What you need to do:
Nothing but a number should be given: the count of lines in the data that include the string "linetypes".

Stored items:
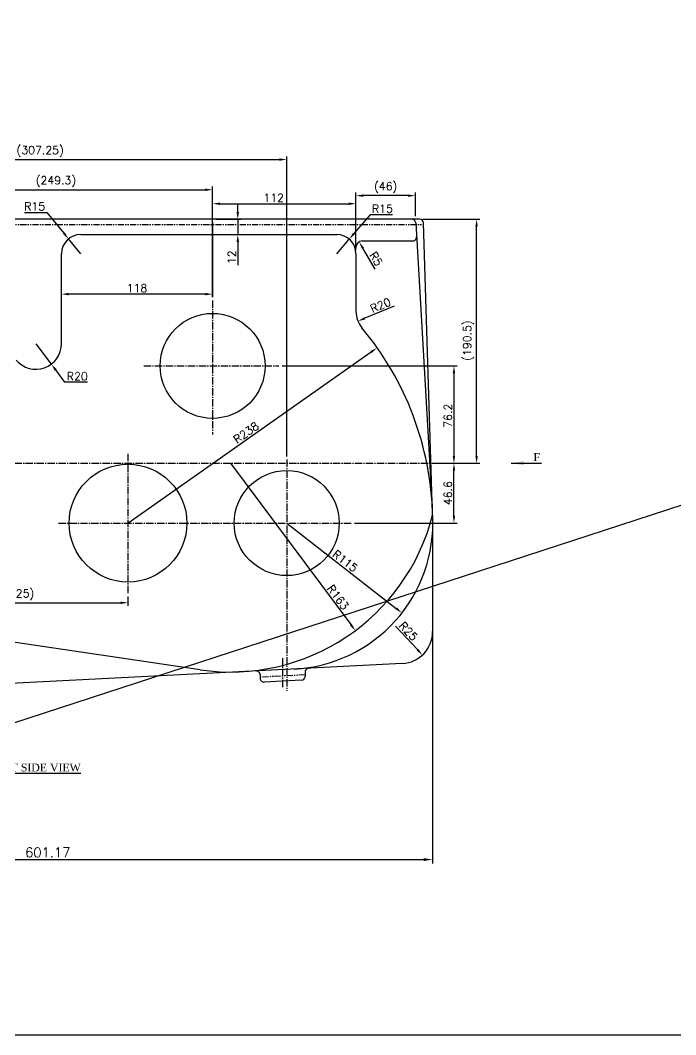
# Model space of a CAD drawing. Header units: millimetres. Extents: x -3508 to 12243, y -3609 to 4092.
# Drawn here: x 3418 to 3930, y 2347 to 3138 of the extents above; entities that cross this region are included whole.
import ezdxf

# ---------------------------------------------------------------- set-up
doc = ezdxf.new("R2010")
doc.units = ezdxf.units.MM
doc.header["$LTSCALE"] = 0.3
doc.header["$PDSIZE"] = -50
doc.linetypes.add('CENTER2', pattern=[28.575, 19.05, -3.175, 3.175, -3.175])
doc.linetypes.add('PHANTOM2', pattern=[31.75, 15.875, -3.175, 3.175, -3.175, 3.175, -3.175])
doc.layers.add('AM_5', color=3, linetype='Continuous', lineweight=25)
doc.layers.add('center', color=1, linetype='CENTER2')
doc.layers.add('CHAIN ...', color=8, linetype='PHANTOM2')
doc.styles.add('ROMANTIC', font='romantic.ttf')
doc.styles.add('rs', font='romans.shx')
doc.styles.get("Standard").update_dxf_attribs({"font": 'romans.shx', "width": 1.2})
doc.dimstyles.new('ISO-25', dxfattribs={"dimscale": 2.5, "dimtxt": 2.5, "dimasz": 2.5, "dimexe": 0.7, "dimexo": 0.625, "dimtad": 1, "dimdec": 3, "dimlfac": -1, "dimzin": 9, "dimdsep": 46, "dimtxsty": 'Standard', "dimcen": 2.5, "dimclrd": 1, "dimclre": 1, "dimclrt": 7, "dimazin": 0, "dimtfac": 0.65, "dimtdec": 3, "dimtmove": 0, "dimatfit": 3, "dimfxl": 0, "dimtolj": 1, "dimarcsym": 0})
doc.dimstyles.new('sarab', dxfattribs={"dimscale": 3, "dimtxt": 2.5, "dimasz": 2.3, "dimexe": 1, "dimexo": 1, "dimtad": 1, "dimdec": 3, "dimdsep": 46, "dimtxsty": 'rs', "dimcen": 0, "dimclrd": 1, "dimclre": 1, "dimclrt": 7, "dimadec": 3, "dimazin": 2, "dimtfac": 1, "dimtdec": 3, "dimtmove": 0, "dimatfit": 3, "dimfxl": 0, "dimarcsym": 0})
doc.dimstyles.new('sarab$0', dxfattribs={"dimscale": 3, "dimtxt": 2.5, "dimasz": 2.3, "dimexe": 1, "dimexo": 1, "dimtad": 1, "dimdec": 3, "dimdsep": 46, "dimtxsty": 'rs', "dimcen": 0, "dimclrd": 1, "dimclre": 1, "dimclrt": 7, "dimadec": 3, "dimazin": 2, "dimtfac": 1, "dimtdec": 3, "dimtmove": 0, "dimatfit": 3, "dimfxl": 0, "dimarcsym": 0})

# ---------------------------------------------------------------- blocks, each defined once
blk = doc.blocks.new('*D782')
at = {"color": 1, "lineweight": -2, "transparency": 16777216}
for p, q in [((3318.83, 2987.26), (3318.83, 3032.27)), ((3324.58, 3029.77), (3620.33, 3029.77)), ((3626.08, 2798.07), (3626.08, 3032.27))]:
    blk.add_line(p, q, dxfattribs=at)
at = {"color": 1, "transparency": 16777216}
for points in [[(3324.58, 3030.73), (3324.58, 3028.81), (3318.83, 3029.77)], [(3620.33, 3030.73), (3620.33, 3028.81), (3626.08, 3029.77)]]:
    blk.add_solid(points, dxfattribs=at)
at = {"layer": 'Defpoints', "color": 0, "transparency": 16777216}
for p in [(3626.08, 3029.77), (3318.83, 2984.76), (3626.08, 2795.57)]:
    blk.add_point(p, dxfattribs=at)
at = {"color": 7, "transparency": 16777216, "insert": (3433.49, 3036.1), "char_height": 6.25, "attachment_point": 5, "style": 'rs'}
blk.add_mtext('(307.25)', dxfattribs=at)
blk = doc.blocks.new('*D809')
at = {"color": 1, "lineweight": -2, "transparency": 16777216}
for p, q in [((3680.13, 2958.7), (3680.13, 3004.08)), ((3720.84, 3001.58), (3685.88, 3001.58)), ((3726.59, 2985.7), (3726.59, 3004.08))]:
    blk.add_line(p, q, dxfattribs=at)
at = {"color": 1, "transparency": 16777216}
for points in [[(3685.88, 3002.53), (3685.88, 3000.62), (3680.13, 3001.58)], [(3720.84, 3002.53), (3720.84, 3000.62), (3726.59, 3001.58)]]:
    blk.add_solid(points, dxfattribs=at)
at = {"layer": 'Defpoints', "color": 0, "transparency": 16777216}
for p in [(3680.13, 3001.58), (3726.59, 2983.2), (3680.13, 2956.2)]:
    blk.add_point(p, dxfattribs=at)
at = {"color": 7, "transparency": 16777216, "insert": (3703.36, 3007.9), "char_height": 6.25, "attachment_point": 5, "style": 'rs'}
blk.add_mtext('(46)', dxfattribs=at)
blk = doc.blocks.new('*D438')
at = {"color": 1, "lineweight": -2, "transparency": 16777216}
for p, q in [((3568.13, 2980.7), (3568.13, 2922.21)), ((3450.12, 2917.83), (3450.12, 2927.21)), ((3562.38, 2924.71), (3455.87, 2924.71))]:
    blk.add_line(p, q, dxfattribs=at)
at = {"color": 1, "transparency": 16777216}
for points in [[(3455.87, 2925.67), (3455.87, 2923.75), (3450.12, 2924.71)], [(3562.38, 2925.67), (3562.38, 2923.75), (3568.13, 2924.71)]]:
    blk.add_solid(points, dxfattribs=at)
at = {"layer": 'Defpoints', "color": 0, "transparency": 16777216}
for p in [(3568.13, 2983.2), (3450.12, 2924.71), (3450.12, 2915.33)]:
    blk.add_point(p, dxfattribs=at)
at = {"color": 7, "transparency": 16777216, "insert": (3509.12, 2929.4), "char_height": 6.25, "attachment_point": 5, "style": 'rs'}
blk.add_mtext('118', dxfattribs=at)
blk = doc.blocks.new('*D812')
at = {"color": 1, "lineweight": -2, "transparency": 16777216}
blk.add_line((3502.08, 2745.95), (3692.05, 2879.56), dxfattribs=at)
at = {"color": 1, "transparency": 16777216}
blk.add_solid([(3691.5, 2880.34), (3692.6, 2878.77), (3696.75, 2882.86)], dxfattribs=at)
at = {"layer": 'Defpoints', "color": 0, "transparency": 16777216}
for p in [(3696.75, 2882.86), (3502.08, 2745.95)]:
    blk.add_point(p, dxfattribs=at)
at = {"color": 7, "transparency": 16777216, "insert": (3594.37, 2816.59), "char_height": 6.25, "attachment_point": 5, "rotation": 35.11904, "style": 'rs'}
blk.add_mtext('R238', dxfattribs=at)
blk = doc.blocks.new('*D813')
at = {"color": 1, "lineweight": -2, "transparency": 16777216}
blk.add_line((3626.08, 2745.95), (3711.53, 2679.35), dxfattribs=at)
at = {"color": 1, "transparency": 16777216}
blk.add_solid([(3712.12, 2680.11), (3710.94, 2678.6), (3716.07, 2675.82)], dxfattribs=at)
at = {"layer": 'Defpoints', "color": 0, "transparency": 16777216}
for p in [(3626.08, 2745.95), (3716.07, 2675.82)]:
    blk.add_point(p, dxfattribs=at)
at = {"color": 7, "transparency": 16777216, "insert": (3671.69, 2716.35), "char_height": 6.25, "attachment_point": 5, "rotation": 322.06993, "style": 'rs'}
blk.add_mtext('R115', dxfattribs=at)
blk = doc.blocks.new('*D814')
at = {"color": 1, "lineweight": -2, "transparency": 16777216}
for p, q in [((3318.83, 2980.7), (3318.83, 2681.24)), ((3502.08, 2688.59), (3502.08, 2681.24)), ((3324.58, 2683.74), (3496.33, 2683.74))]:
    blk.add_line(p, q, dxfattribs=at)
at = {"color": 1, "transparency": 16777216}
for points in [[(3324.58, 2684.69), (3324.58, 2682.78), (3318.83, 2683.74)], [(3496.33, 2684.69), (3496.33, 2682.78), (3502.08, 2683.74)]]:
    blk.add_solid(points, dxfattribs=at)
at = {"layer": 'Defpoints', "color": 0, "transparency": 16777216}
for p in [(3318.83, 2983.2), (3502.08, 2691.09), (3502.08, 2683.74)]:
    blk.add_point(p, dxfattribs=at)
at = {"color": 7, "transparency": 16777216, "insert": (3410.45, 2690.06), "char_height": 6.25, "attachment_point": 5, "style": 'rs'}
blk.add_mtext('(183.25)', dxfattribs=at)
blk = doc.blocks.new('*D815')
at = {"color": 1, "lineweight": -2, "transparency": 16777216}
for p, q in [((3318.83, 2985.7), (3318.83, 3008.7)), ((3324.58, 3006.2), (3562.38, 3006.2)), ((3568.13, 2922.35), (3568.13, 3008.7))]:
    blk.add_line(p, q, dxfattribs=at)
at = {"color": 1, "transparency": 16777216}
for points in [[(3324.58, 3007.16), (3324.58, 3005.24), (3318.83, 3006.2)], [(3562.38, 3007.16), (3562.38, 3005.24), (3568.13, 3006.2)]]:
    blk.add_solid(points, dxfattribs=at)
at = {"layer": 'Defpoints', "color": 0, "transparency": 16777216}
for p in [(3568.13, 3006.2), (3318.83, 2983.2), (3568.13, 2919.85)]:
    blk.add_point(p, dxfattribs=at)
at = {"color": 7, "transparency": 16777216, "insert": (3445.78, 3012.52), "char_height": 6.25, "attachment_point": 5, "style": 'rs'}
blk.add_mtext('(249.3)', dxfattribs=at)
blk = doc.blocks.new('*D816')
at = {"color": 1, "lineweight": -2, "transparency": 16777216}
for p, q in [((3749.13, 2792.7), (3759.16, 2792.7)), ((3756.66, 2751.7), (3756.66, 2786.95)), ((3678.86, 2745.95), (3759.16, 2745.95))]:
    blk.add_line(p, q, dxfattribs=at)
at = {"color": 1, "transparency": 16777216}
for points in [[(3755.7, 2786.95), (3757.61, 2786.95), (3756.66, 2792.7)], [(3755.7, 2751.7), (3757.61, 2751.7), (3756.66, 2745.95)]]:
    blk.add_solid(points, dxfattribs=at)
at = {"layer": 'Defpoints', "color": 0, "transparency": 16777216}
for p in [(3746.63, 2792.7), (3756.66, 2792.7), (3676.36, 2745.95)]:
    blk.add_point(p, dxfattribs=at)
at = {"color": 7, "transparency": 16777216, "insert": (3751.97, 2769.32), "char_height": 6.25, "attachment_point": 5, "rotation": 90, "style": 'rs'}
blk.add_mtext('46.6', dxfattribs=at)
blk = doc.blocks.new('*D817')
at = {"color": 1, "lineweight": -2, "transparency": 16777216}
for p, q in [((3622.48, 2868.7), (3759.16, 2868.7)), ((3756.66, 2862.95), (3756.66, 2798.45)), ((3749.13, 2792.7), (3759.16, 2792.7))]:
    blk.add_line(p, q, dxfattribs=at)
at = {"color": 1, "transparency": 16777216}
for points in [[(3755.7, 2862.95), (3757.61, 2862.95), (3756.66, 2868.7)], [(3755.7, 2798.45), (3757.61, 2798.45), (3756.66, 2792.7)]]:
    blk.add_solid(points, dxfattribs=at)
at = {"layer": 'Defpoints', "color": 0, "transparency": 16777216}
for p in [(3619.98, 2868.7), (3746.63, 2792.7), (3756.66, 2792.7)]:
    blk.add_point(p, dxfattribs=at)
at = {"color": 7, "transparency": 16777216, "insert": (3751.97, 2829.77), "char_height": 6.25, "attachment_point": 5, "rotation": 90, "style": 'rs'}
blk.add_mtext('76.2', dxfattribs=at)
blk = doc.blocks.new('*D818')
at = {"color": 1, "lineweight": -2, "transparency": 16777216}
for p, q in [((3732.29, 2983.2), (3776.86, 2983.2)), ((3774.36, 2798.45), (3774.36, 2977.45)), ((3741.22, 2792.7), (3776.86, 2792.7))]:
    blk.add_line(p, q, dxfattribs=at)
at = {"color": 1, "transparency": 16777216}
for points in [[(3773.4, 2977.45), (3775.32, 2977.45), (3774.36, 2983.2)], [(3773.4, 2798.45), (3775.32, 2798.45), (3774.36, 2792.7)]]:
    blk.add_solid(points, dxfattribs=at)
at = {"layer": 'Defpoints', "color": 0, "transparency": 16777216}
for p in [(3729.79, 2983.2), (3774.36, 2983.2), (3738.72, 2792.7)]:
    blk.add_point(p, dxfattribs=at)
at = {"color": 7, "transparency": 16777216, "insert": (3768.03, 2888.46), "char_height": 6.25, "attachment_point": 5, "rotation": 90, "style": 'rs'}
blk.add_mtext('(190.5)', dxfattribs=at)
blk = doc.blocks.new('*D497')
at = {"color": 1, "lineweight": -2, "transparency": 16777216}
blk.add_line((3582.13, 2792.7), (3676.15, 2666.66), dxfattribs=at)
at = {"color": 1, "transparency": 16777216}
blk.add_solid([(3676.92, 2667.23), (3675.39, 2666.08), (3679.59, 2662.05)], dxfattribs=at)
at = {"layer": 'Defpoints', "color": 0, "transparency": 16777216}
for p in [(3582.13, 2792.7), (3679.59, 2662.05)]:
    blk.add_point(p, dxfattribs=at)
at = {"color": 7, "transparency": 16777216, "insert": (3666.07, 2688.01), "char_height": 6.25, "attachment_point": 5, "rotation": 306.72249, "style": 'rs'}
blk.add_mtext('R163', dxfattribs=at)
blk = doc.blocks.new('*D385')
at = {"color": 1, "lineweight": -2, "transparency": 16777216}
for p, q in [((3587.82, 2988.95), (3587.82, 2994.7)), ((3570.63, 2983.2), (3590.32, 2983.2)), ((3587.82, 2983.2), (3587.82, 2971.2)), ((3570.63, 2971.2), (3590.32, 2971.2)), ((3587.82, 2965.45), (3587.82, 2947.35))]:
    blk.add_line(p, q, dxfattribs=at)
at = {"color": 1, "transparency": 16777216}
for points in [[(3586.86, 2988.95), (3588.78, 2988.95), (3587.82, 2983.2)], [(3586.86, 2965.45), (3588.78, 2965.45), (3587.82, 2971.2)]]:
    blk.add_solid(points, dxfattribs=at)
at = {"layer": 'Defpoints', "color": 0, "transparency": 16777216}
for p in [(3568.13, 2983.2), (3568.13, 2971.2), (3587.82, 2971.2)]:
    blk.add_point(p, dxfattribs=at)
at = {"color": 7, "transparency": 16777216, "insert": (3583.13, 2953.52), "char_height": 6.25, "attachment_point": 5, "rotation": 90, "style": 'rs'}
blk.add_mtext('12', dxfattribs=at)
blk = doc.blocks.new('*D606')
at = {"color": 1, "lineweight": -2, "transparency": 16777216}
blk.add_line((3695.06, 2944.13), (3685.5, 2960.55), dxfattribs=at)
at = {"color": 1, "transparency": 16777216}
blk.add_solid([(3686.33, 2961.03), (3684.68, 2960.07), (3682.61, 2965.52)], dxfattribs=at)
at = {"layer": 'Defpoints', "color": 0, "transparency": 16777216}
for p in [(3682.61, 2965.52), (3685.13, 2961.2)]:
    blk.add_point(p, dxfattribs=at)
at = {"color": 7, "transparency": 16777216, "insert": (3695.78, 2952.22), "char_height": 6.25, "attachment_point": 5, "rotation": 300.20179, "style": 'rs'}
blk.add_mtext('R5', dxfattribs=at)
blk = doc.blocks.new('*D399')
at = {"color": 1, "lineweight": -2, "transparency": 16777216}
for p, q in [((3568.13, 2985.7), (3568.13, 2997.79)), ((3573.88, 2995.29), (3674.38, 2995.29)), ((3680.13, 2985.7), (3680.13, 2997.79))]:
    blk.add_line(p, q, dxfattribs=at)
at = {"color": 1, "transparency": 16777216}
for points in [[(3573.88, 2996.25), (3573.88, 2994.33), (3568.13, 2995.29)], [(3674.38, 2996.25), (3674.38, 2994.33), (3680.13, 2995.29)]]:
    blk.add_solid(points, dxfattribs=at)
at = {"layer": 'Defpoints', "color": 0, "transparency": 16777216}
for p in [(3680.13, 2995.29), (3568.13, 2983.2), (3680.13, 2983.2)]:
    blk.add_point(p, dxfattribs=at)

Your solution:
2